Thanks in advance for ANY info!


----------



## temporary (Apr 5, 2010)

Id not recommend being to close to the airport.
Does it have to be Liverpool? there are some areas outside of it that are lovely


----------



## temporary (Apr 5, 2010)

oh by the way, west derby is ok..there are some nice parts

nicest in liverpool are apparently Woolton, Allerton, Childwall, Aigburth, Gatacre, Mossley Hill and Hunts Cross .


----------



## whoosh (May 11, 2010)

That's very helpful! Thank you!


----------



## free_zeebo (May 16, 2010)

I hear Moss side is nice this time of year ;-)

Yeah i would live in a nice little village in cheshire if i were you


----------



## temporary (Apr 5, 2010)

I used to work in liverpool but now work in chester

I can say that now I dont have to go into liverpool, my entire attitude and enjoyment of this country has changed dramatically.

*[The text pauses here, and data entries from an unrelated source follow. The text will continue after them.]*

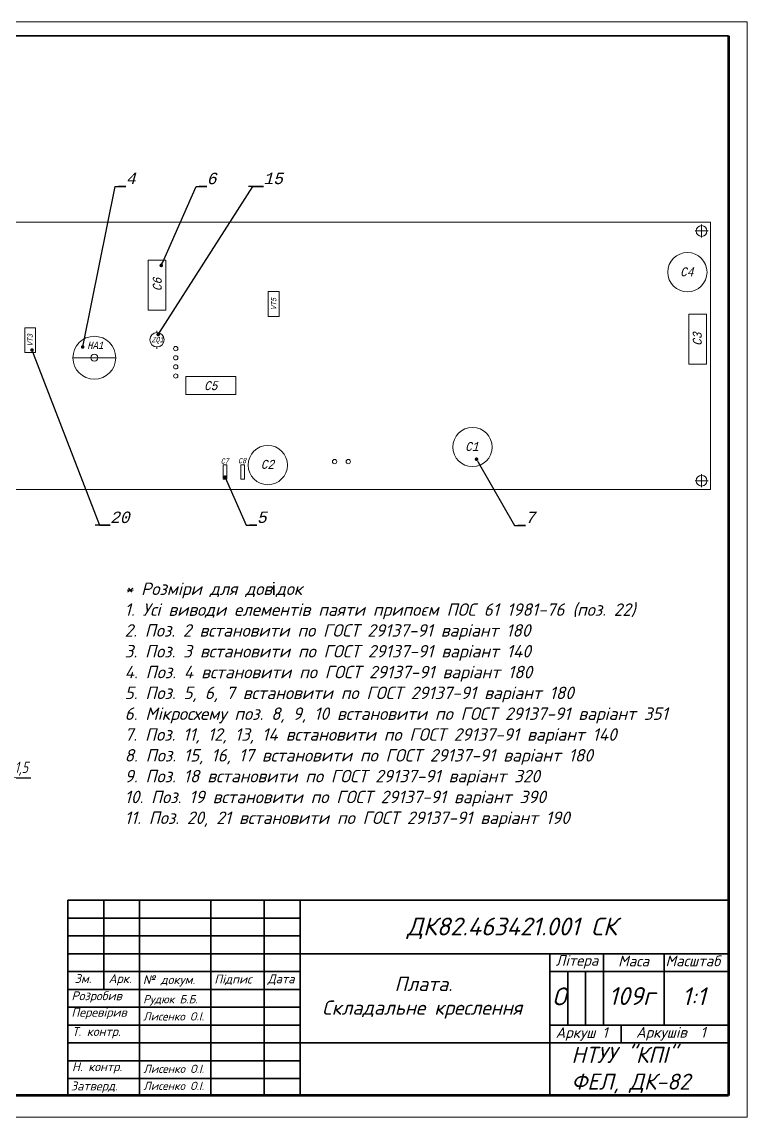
# Paper-space layout 'Лист2' of a CAD drawing. Header units: millimetres. Extents: x 0 to 445, y 0 to 307.
# Drawn here: x 242.1 to 445.2, y 0 to 307 of the extents above; entities that cross this region are included whole.
import ezdxf
from ezdxf import colors
from ezdxf.entities.mleader import LeaderData, LeaderLine
from ezdxf.math import Vec2, Vec3

# ---------------------------------------------------------------- set-up
doc = ezdxf.new("R2010")
doc.units = ezdxf.units.MM
doc.layers.get('0').update_dxf_attribs({"lineweight": 13})
doc.layers.add('Основная', color=7, linetype='Continuous', lineweight=70)
doc.layers.add('схема', color=7, linetype='Continuous', lineweight=35)
doc.styles.get("Standard").update_dxf_attribs({"font": 'isocteur.ttf', "width": 0.85, "oblique": 15})
doc.styles.add('стиль1', font='isocpeui.ttf')
doc.dimstyles.new('Копия ISO-25', dxfattribs={"dimtxt": 2.5, "dimasz": 2.5, "dimexe": 1.25, "dimexo": 0.625, "dimtad": 1, "dimtih": 1, "dimtoh": 1, "dimtxsty": 'Standard', "dimcen": 2.5, "dimadec": 0, "dimazin": 0, "dimtfac": 1, "dimtmove": 1, "dimatfit": 3, "dimfxl": 1, "dimarcsym": 0})

# ---------------------------------------------------------------- blocks, each defined once
blk = doc.blocks.new('*D111')
at = {"color": 0, "lineweight": -2, "transparency": 16777216}
for p, q in [((230, 98.39), (230, 100.89)), ((223.65, 95.89), (231.25, 95.89)), ((230, 94.39), (230, 95.89)), ((230, 94.39), (230, 95.89)), ((223.65, 94.39), (231.25, 94.39)), ((230, 95.14), (239.24, 95.14)), ((239.24, 95.14), (244.59, 95.14)), ((230, 91.89), (230, 89.39))]:
    blk.add_line(p, q, dxfattribs=at)
at = {"color": 0, "transparency": 16777216}
for points in [[(229.58, 98.39), (230.41, 98.39), (230, 95.89)], [(229.58, 91.89), (230.41, 91.89), (230, 94.39)]]:
    blk.add_solid(points, dxfattribs=at)
at = {"layer": 'Defpoints', "color": 0, "transparency": 16777216}
for p in [(223.02, 95.89), (230, 95.89), (223.02, 94.39)]:
    blk.add_point(p, dxfattribs=at)
at = {"color": 0, "transparency": 16777216, "insert": (241.91, 97.68), "char_height": 2.5, "attachment_point": 5}
blk.add_mtext('{\\fISOCPEUR|b0|i0|c204|p34;\\H1.28x;\\Q15;\\W0.75;1,5}', dxfattribs=at)
blk = doc.blocks.new('_Dot')
at = {"color": 0, "linetype": 'ByBlock', "lineweight": -2, "transparency": 33554674}
blk.add_line((-0.5, 0), (-1, 0), dxfattribs=at)
at = {"color": 0, "linetype": 'ByBlock', "transparency": 33554674, "const_width": 0.5}
blk.add_lwpolyline([(-0.25, 0, 1), (0.25, 0, 1)], format="xyb", close=True, dxfattribs=at)

psp = doc.layouts.new('Лист2')

# ---------------------------------------------------------------- linework, layer by layer
at = {"transparency": 33554674}
for p, q in [((434.999, 250.889), (236.999, 250.889)), ((432.499, 248.389), (432.499, 250.189)), ((434.999, 175.889), (434.999, 250.889)), ((432.499, 248.389), (430.699, 248.389)), ((432.499, 248.389), (432.499, 246.589)), ((432.499, 248.389), (434.299, 248.389)), ((277.433, 226.168), (277.433, 240.168)), ((277.433, 240.168), (282.433, 240.168)), ((282.433, 240.168), (282.433, 226.168)), ((311.119, 224.449), (311.119, 231.449)), ((311.119, 231.449), (314.119, 231.449)), ((314.119, 231.449), (314.119, 224.449)), ((314.119, 231.449), (314.119, 231.449)), ((282.433, 226.168), (277.433, 226.168)), ((314.119, 224.449), (311.119, 224.449)), ((433.907, 225.097), (428.907, 225.097)), ((428.907, 225.097), (428.907, 211.097)), ((433.907, 211.097), (433.907, 225.097)), ((242.891, 221.286), (245.891, 221.286)), ((242.891, 214.286), (242.891, 221.286)), ((245.891, 221.286), (245.891, 214.286)), ((279.933, 220.4), (279.933, 219.9)), ((279.933, 215.9), (279.933, 215.4)), ((245.891, 214.286), (242.891, 214.286)), ((262.382, 212.869), (256.382, 212.869)), ((262.382, 212.869), (268.382, 212.869)), ((428.907, 211.097), (433.907, 211.097)), ((288.034, 207.577), (302.034, 207.577)), ((288.034, 202.577), (288.034, 207.577)), ((302.034, 207.577), (302.034, 202.577)), ((302.034, 202.577), (288.034, 202.577)), ((298.464, 178.844), (298.464, 182.844)), ((298.464, 182.844), (299.464, 182.844)), ((299.464, 182.844), (299.464, 178.844)), ((303.464, 182.844), (303.464, 178.844)), ((304.464, 182.844), (303.464, 182.844)), ((304.464, 178.844), (304.464, 182.844)), ((299.464, 178.844), (298.464, 178.844)), ((303.464, 178.844), (304.464, 178.844)), ((432.499, 178.389), (430.699, 178.389)), ((432.499, 178.389), (432.499, 180.189)), ((432.499, 178.389), (432.499, 176.589)), ((432.499, 178.389), (434.299, 178.389)), ((236.999, 175.889), (434.999, 175.889))]:
    psp.add_line(p, q, dxfattribs=at)
psp.add_lwpolyline([(0, 302), (0, 0), (440, 0), (445.242, 0), (445.242, 307), (20, 307), (0, 307)], close=True, dxfattribs=at)
for centre, radius in [((432.499, 248.389), 1.5), ((428.518, 236.836), 5.5), ((262.382, 212.869), 6), ((279.933, 217.9), 2), ((285.191, 215.438), 0.6), ((262.382, 212.869), 1), ((285.191, 212.834), 0.6), ((285.191, 210.309), 0.6), ((285.191, 207.738), 0.6), ((368.316, 187.829), 5.5), ((310.97, 182.775), 5.5), ((329.692, 183.758), 0.6), ((333.527, 183.758), 0.6), ((432.499, 178.389), 1.5)]:
    psp.add_circle(centre, radius, dxfattribs=at)
at = {"layer": 'Основная', "ltscale": 10, "transparency": 33554674}
for p, q in [((439.999, 303.088), (439.999, 6.088)), ((439.999, 6.088), (19.999, 6.088))]:
    psp.add_line(p, q, dxfattribs=at)
at = {"layer": 'схема', "transparency": 33554674}
for p, q in [((439.999, 303.088), (19.999, 303.088)), ((254.999, 6.088), (254.999, 60.805)), ((254.999, 60.805), (439.999, 60.805)), ((254.999, 60.805), (254.999, 6.088)), ((254.999, 36.088), (254.999, 60.805)), ((264.999, 60.805), (264.999, 36.088)), ((264.999, 60.805), (264.999, 35.805)), ((274.999, 6.088), (274.999, 60.805)), ((294.999, 60.805), (294.999, 6.088)), ((309.999, 60.805), (309.999, 6.088)), ((319.999, 60.805), (319.999, 5.805)), ((319.999, 6.088), (319.999, 60.805)), ((439.999, 6.088), (439.999, 61.088)), ((439.999, 46.088), (439.999, 61.088)), ((439.999, 60.805), (439.999, 6.088)), ((319.999, 55.805), (254.999, 55.805)), ((254.999, 50.805), (319.999, 50.805)), ((254.999, 46.088), (254.999, 36.088)), ((439.999, 46.088), (439.999, 41.088)), ((319.999, 45.805), (254.999, 45.805)), ((319.999, 45.805), (439.999, 45.805)), ((319.999, 45.805), (439.999, 45.805)), ((389.999, 45.805), (389.999, 6.088)), ((389.999, 41.088), (389.999, 45.805)), ((389.999, 26.088), (389.999, 45.805)), ((404.999, 45.805), (404.999, 25.805)), ((404.999, 45.805), (404.999, 41.088)), ((421.999, 45.805), (421.999, 25.805)), ((421.999, 45.805), (421.999, 26.088)), ((254.999, 40.805), (319.999, 40.805)), ((389.999, 41.088), (389.999, 26.088)), ((389.999, 40.805), (439.999, 40.805)), ((394.999, 40.805), (394.999, 25.805)), ((394.999, 40.805), (394.999, 26.088)), ((399.999, 40.805), (399.999, 25.805)), ((399.999, 40.805), (399.999, 26.088)), ((404.999, 41.088), (404.999, 26.088)), ((254.999, 31.088), (254.999, 36.088)), ((319.999, 35.805), (254.999, 35.805)), ((319.999, 36.088), (319.999, 31.088)), ((254.999, 30.805), (319.999, 30.805)), ((319.999, 25.805), (254.999, 25.805)), ((389.999, 26.088), (389.999, 21.088)), ((439.999, 25.805), (389.999, 25.805)), ((409.999, 25.805), (409.999, 20.805)), ((409.999, 21.088), (409.999, 25.805)), ((439.999, 26.088), (439.999, 21.088)), ((254.999, 20.805), (319.999, 20.805)), ((319.999, 6.088), (319.999, 21.088)), ((439.999, 20.805), (319.999, 20.805)), ((389.999, 21.088), (389.999, 6.088)), ((319.999, 15.805), (254.999, 15.805)), ((254.999, 10.805), (319.999, 10.805)), ((254.999, 6.088), (439.999, 6.088)), ((294.999, 6.088), (274.999, 6.088)), ((309.999, 6.088), (319.999, 6.088)), ((389.999, 6.088), (319.999, 6.088))]:
    psp.add_line(p, q, dxfattribs=at)

# ---------------------------------------------------------------- texts
at = {"transparency": 33554674, "attachment_point": 1}
for s, width, heights, insert, char_height in [('{\\Q15;\\W0.75;C4}', 4.05068, [0], (426.475, 238.201), 2.5), ('{\\Q15;\\W0.75;ZQ1}', 4.05068, [0], (278.396, 218.716), 1.5), ('{\\Q15;\\W0.75;HA1}', 4.05068, [0], (260.378, 217.34), 2), ('{\\Q15;\\W0.75;C5}', 4.05068, [0], (293.107, 206.284), 2.5), ('{\\Q15;\\W0.75;C1}', 4.05068, [0], (366.25, 189.231), 2.5), ('{\\Q15;\\W0.75;С7}', 1.73665, [1.648], (297.783, 184.65), 1.5), ('{\\Q15;\\W0.75;С8}', 4.05068, [0], (302.652, 184.762), 1.5), ('{\\Q15;\\W0.75;C2}', 4.05068, [0], (308.999, 184.218), 2.5)]:
    psp.add_mtext_dynamic_manual_height_columns(s, width=width, gutter_width=12.5, heights=heights, dxfattribs=dict(at, insert=insert, char_height=char_height))
at = {"transparency": 33554674, "attachment_point": 1, "rotation": 90}
for s, insert, char_height in [('{\\Q15;\\W0.75;C6}', (278.761, 231.496), 2.5), ('{\\Q15;\\W0.75;VT5}', (311.893, 226.241), 1.5), ('{\\Q15;\\W0.75;VT3}', (243.636, 216.091), 1.5), ('{\\Q15;\\W0.75;C3}', (430.037, 216.187), 2.5)]:
    psp.add_mtext_dynamic_manual_height_columns(s, width=4.05068, gutter_width=12.5, heights=[0], dxfattribs=dict(at, insert=insert, char_height=char_height))
at = {"layer": 'схема', "transparency": 33554674, "attachment_point": 1, "style": 'стиль1'}
for s, width, gutter_width, heights, insert, char_height in [('* Розміри для дов{\\fArial|b0|i0|c204|p34;і}док\\P1. Усі виводи елементів паяти припоєм ПОС 61 1981-76 (поз. 22) \\P2. Поз. 2 встановити по ГОСТ 29137-91 варіант 180\\P3. Поз. 3 встановити по ГОСТ 29137-91 варіант 140\\P4. Поз. 4 встановити по ГОСТ 29137-91 варіант 180\\P5. Поз. 5, 6, 7 встановити по ГОСТ 29137-91 варіант 180\\P6. Мікросхему поз. 8, 9, 10 встановити по ГОСТ 29137-91 варіант 351\\P7. Поз. 11, 12, 13, 14 встановити по ГОСТ 29137-91 варіант 140\\P8. Поз. 15, 16, 17 встановити по ГОСТ 29137-91 варіант 180\\P9. Поз. 18 встановити по ГОСТ 29137-91 варіант 320\\P10. Поз. 19 встановити по ГОСТ 29137-91 варіант 390\\P11. Поз. 20, 21 встановити по ГОСТ 29137-91 варіант 190', 185, 12.5, [0], (270.872, 149.841), 3.5), ('\\pi26.49091;Плата.\\P\\pi6.19697;Складальне креслення', 70, 17.5, [43.188], (319.999, 39.343), 4), ('О', 14.68521, 15, [0], (390.676, 36.337), 5), ('109г', 18.04963, 15, [0], (406.485, 36.433), 5), ('1:1', 14.68521, 15, [5.03], (427.022, 36.367), 5)]:
    psp.add_mtext_dynamic_manual_height_columns(s, width=width, gutter_width=gutter_width, heights=heights, dxfattribs=dict(at, insert=insert, char_height=char_height))
at = {"layer": 'схема', "lineweight": 80, "transparency": 33554674, "insert": (349.939, 55.931), "char_height": 5, "attachment_point": 1, "style": 'стиль1'}
psp.add_mtext_dynamic_manual_height_columns('ДК82.463421.001 СК', width=81.86775, gutter_width=12.5, heights=[0], dxfattribs=at)
at = {"layer": 'схема', "color": 0, "lineweight": 80, "transparency": 33554674, "attachment_point": 1, "style": 'стиль1'}
for s, width, insert, char_height in [('Літера', 13.34732, (391.611, 45.427), 3), ('Маса', 13.34732, (409.111, 45.252), 3), ('Масштаб', 13.34732, (422.387, 45.287), 3), ('Зм.', 8.25946, (256.868, 40.084), 2.5), ('Арк.', 8.25946, (266.357, 40.084), 2.5), ('Підпис', 8.25946, (295.991, 39.936), 2.5), ('Дата', 8.25946, (310.93, 40.01), 2.5), ('№ докум.', 17.13629, (275.975, 39.778), 2.5), ('Розробив', 20, (255.968, 35.258), 2.5), ('Перевірив', 20, (255.948, 30.622), 2.5), ('Т. контр.', 20, (256.167, 25.242), 2.5), ('Аркуш 1 ', 17.51191, (391.602, 25.2), 3), ('Аркушів  1', 26.54418, (414.129, 25.271), 3), ('НТУУ "КПІ"\\PФЕЛ, ДК-82', 41.25607, (396.012, 19.689), 4.5), ('Н. контр.', 20, (256.122, 15.372), 2.5), ('Затверд.', 20, (255.798, 9.979), 2.5)]:
    psp.add_mtext_dynamic_manual_height_columns(s, width=width, gutter_width=12.5, heights=[0], dxfattribs=dict(at, insert=insert, char_height=char_height))
at = {"layer": 'схема', "transparency": 33554674, "char_height": 2.3, "attachment_point": 1, "style": 'стиль1'}
for s, insert in [('Рудюк Б.Б.', (276.071, 34.199)), ('Лисенко О.І.', (276.071, 29.372)), ('Лисенко О.І.', (276.128, 14.681)), ('Лисенко О.І.', (276.114, 9.909))]:
    psp.add_mtext(s, dxfattribs=dict(at, insert=insert))

# ---------------------------------------------------------------- dimensions: what is measured, and where the dimension line sits
at = {"transparency": 33554674}
dim = psp.add_linear_dim(base=(229.996, 95.889), p1=(223.023, 94.389), p2=(223.023, 95.889), angle=90, text='{\\fISOCPEUR|b0|i0|c204|p34;\\H1.28x;\\Q15;\\W0.75;<>}', dimstyle='Копия ISO-25', dxfattribs=at)
dim.commit()
dim.dimension.update_dxf_attribs({"geometry": '*D111', "text_midpoint": (239.863, 97.684)})

# ---------------------------------------------------------------- leaders
ml = psp.add_multileader_mtext('Standard', dxfattribs=at)
ml.set_content('4', color=256)
ml.set_leader_properties()
ml.set_arrow_properties(name='DOT')
ml.build(insert=Vec2(0, 0))
ml.multileader.update_dxf_attribs({"text_left_attachment_type": 6, "text_right_attachment_type": 6, "dogleg_length": 3, "arrow_head_size": 1})
ctx = ml.context
ctx.base_point, ctx.char_height, ctx.arrow_head_size, ctx.landing_gap_size, ctx.plane_origin = Vec3(271.224, 260.88), 3.2, 1, 0, Vec3(259.109, 215.88)
ctx.left_attachment, ctx.right_attachment = 6, 6
notes = []
notes.append((ctx, [(0, (1, 1, 0), (268.224, 260.88), (1, 0), 3, [(0, [(259.109, 215.88)], 0, [])])]))
ctx.mtext.insert, ctx.mtext.flow_direction = Vec3(271.224, 264.72), 5
ml = psp.add_multileader_mtext('Standard', dxfattribs=at)
ml.set_content('15', color=256)
ml.set_leader_properties()
ml.set_arrow_properties(name='DOT')
ml.build(insert=Vec2(0, 0))
ml.multileader.update_dxf_attribs({"text_left_attachment_type": 6, "text_right_attachment_type": 6, "dogleg_length": 3, "arrow_head_size": 1})
ctx = ml.context
ctx.base_point, ctx.char_height, ctx.arrow_head_size, ctx.landing_gap_size, ctx.plane_origin = Vec3(309.746, 260.893), 3.2, 1, 0, Vec3(280.266, 219.38)
ctx.left_attachment, ctx.right_attachment = 6, 6
notes.append((ctx, [(0, (1, 1, 0), (306.746, 260.893), (1, 0), 3, [(0, [(280.266, 219.38)], 0, [])])]))
ctx.mtext.insert, ctx.mtext.flow_direction = Vec3(309.746, 264.733), 5
ml = psp.add_multileader_mtext('Standard', dxfattribs=at)
ml.set_content('6', color=256)
ml.set_leader_properties()
ml.set_arrow_properties(name='DOT')
ml.build(insert=Vec2(0, 0))
ml.multileader.update_dxf_attribs({"text_left_attachment_type": 6, "text_right_attachment_type": 6, "dogleg_length": 3, "arrow_head_size": 1})
ctx = ml.context
ctx.base_point, ctx.char_height, ctx.arrow_head_size, ctx.landing_gap_size, ctx.plane_origin = Vec3(293.866, 260.869), 3.2, 1, 0, Vec3(281.124, 238.737)
ctx.left_attachment, ctx.right_attachment = 6, 6
notes.append((ctx, [(0, (1, 1, 0), (290.866, 260.869), (1, 0), 3, [(0, [(281.124, 238.737)], 0, [])])]))
ctx.mtext.insert, ctx.mtext.flow_direction = Vec3(293.866, 264.709), 5
ml = psp.add_multileader_mtext('Standard', dxfattribs=at)
ml.set_content('20', color=256)
ml.set_leader_properties()
ml.set_arrow_properties(name='DOT')
ml.build(insert=Vec2(0, 0))
ml.multileader.update_dxf_attribs({"text_left_attachment_type": 6, "text_right_attachment_type": 6, "dogleg_length": 3, "arrow_head_size": 1})
ctx = ml.context
ctx.base_point, ctx.char_height, ctx.arrow_head_size, ctx.landing_gap_size, ctx.plane_origin = Vec3(266.791, 165.886), 3.2, 1, 0, Vec3(244.931, 215.02)
ctx.left_attachment, ctx.right_attachment = 6, 6
notes.append((ctx, [(0, (1, 1, 0), (263.791, 165.886), (1, 0), 3, [(0, [(244.931, 215.02)], 0, [])])]))
ctx.mtext.insert, ctx.mtext.flow_direction = Vec3(266.791, 169.726), 5
ml = psp.add_multileader_mtext('Standard', dxfattribs=at)
ml.set_content('7', color=256)
ml.set_leader_properties()
ml.set_arrow_properties(name='DOT')
ml.build(insert=Vec2(0, 0))
ml.multileader.update_dxf_attribs({"text_left_attachment_type": 6, "text_right_attachment_type": 6, "dogleg_length": 3, "arrow_head_size": 1})
ctx = ml.context
ctx.base_point, ctx.char_height, ctx.arrow_head_size, ctx.landing_gap_size, ctx.plane_origin = Vec3(383.133, 165.849), 3.2, 1, 0, Vec3(369.45, 184.408)
ctx.left_attachment, ctx.right_attachment = 6, 6
notes.append((ctx, [(0, (1, 1, 0), (380.133, 165.849), (1, 0), 3, [(0, [(369.45, 184.408)], 0, [])])]))
ctx.mtext.insert, ctx.mtext.flow_direction = Vec3(383.133, 169.689), 5
ml = psp.add_multileader_mtext('Standard', dxfattribs=at)
ml.set_content('5', color=256)
ml.set_leader_properties()
ml.set_arrow_properties(name='DOT')
ml.build(insert=Vec2(0, 0))
ml.multileader.update_dxf_attribs({"text_left_attachment_type": 6, "text_right_attachment_type": 6, "dogleg_length": 3, "arrow_head_size": 1})
ctx = ml.context
ctx.base_point, ctx.char_height, ctx.arrow_head_size, ctx.landing_gap_size, ctx.plane_origin = Vec3(307.92, 165.908), 3.2, 1, 0, Vec3(299.003, 179.4)
ctx.left_attachment, ctx.right_attachment = 6, 6
notes.append((ctx, [(0, (1, 1, 0), (304.92, 165.908), (1, 0), 3, [(0, [(298.978, 179.4)], 0, [])])]))
ctx.mtext.insert, ctx.mtext.flow_direction = Vec3(307.92, 169.748), 5
for ctx, leaders in notes:
    for number, flags, end, landing, length, lines in leaders:
        leader = LeaderData()
        leader.index, (leader.has_last_leader_line, leader.has_dogleg_vector, leader.attachment_direction) = number, flags
        leader.last_leader_point, leader.dogleg_vector, leader.dogleg_length = Vec3(end), Vec3(landing), length
        for number, points, colour, breaks in lines:
            line = LeaderLine()
            line.index, line.vertices, line.color, line.breaks = number, Vec3.list(points), colors.encode_raw_color(colour), breaks
            leader.lines.append(line)
        ctx.leaders.append(leader)

doc.saveas('drawing.dxf')

Its a much nicer place to be in now.


----------



## free_zeebo (May 16, 2010)

ITs funny isnt it.. chester and liverpool are pretty close and the people sound similar etc but chester is lovely! I love walking around those roman walls and looking out over the parks and river.. a very nice spot! 

It does really matter on where you are.. Im in a tower block in nicosia and sometimes i wonder why the hell im in cyprus getting eaten by mosquitos and boiling.. If i had a pool and a villa by the coast i would see it differently lol


----------



## whoosh (May 11, 2010)

We are definitely leaning towards a village in Cheshire. Thanks for that!


----------



## temporary (Apr 5, 2010)

I hope you find somewhere nice...there are some really lovely areas around there...and better schools too if you have kids


----------



## LiverpoolMan (Jun 2, 2010)

@ free zeebo - Moss side is in manchester 

I am from Liverpool and if you are working in the airport the best areas for you to live are Aigburth or just outside liverpool in st.helens. Speke is the area right by the airport and some parts of it are nice, but i would avoid it. I would look at aigburth if i were you, its very nice up market area with lots of parks for your dogs!

on childwall - it is oe of the nicest areas in liverpool but is further than aigburth. drive to work would be about 25-30 mins, maybe a little longer in the mornings.

Chester is very nice also but much further for you, and is q.boring to be frank! liverpool is most definatly the best place on the palnet!


----------



## temporary (Apr 5, 2010)

wirral is nice...bit further than you'd like again...maybe 30 mins from the airport


----------



## whoosh (May 11, 2010)

It's been nearly two years since I started this thread and moved to the UK. We took the advice in the forum and settled just outside the Cheshire village of Frodsham. We absolutely loved it! 

We're about to move on to new country and new challenges. Just in case someone stumbles on this thread with a similar question...Cheshire is a wonderful place to live!


----------



## Joppa (Sep 7, 2009)

whoosh said:


> It's been nearly two years since I started this thread and moved to the UK. We took the advice in the forum and settled just outside the Cheshire village of Frodsham. We absolutely loved it!
> 
> We're about to move on to new country and new challenges. Just in case someone stumbles on this thread with a similar question...Cheshire is a wonderful place to live!


I agree, if you can afford it. Cheshire villages are pleasant for a reason and in much demand. You need a car to get about, unless you are in Chester or other larger towns. Some Cheshire commuter villages near Manchester are known for premier league footballers and media stars, such as Alderley Edge, Mere and Prestbury.
But if you are young, adventurous and love the bright lights and lively nightlife, then there are some very contemporary and smart apartments in Liverpool City Centre.


----------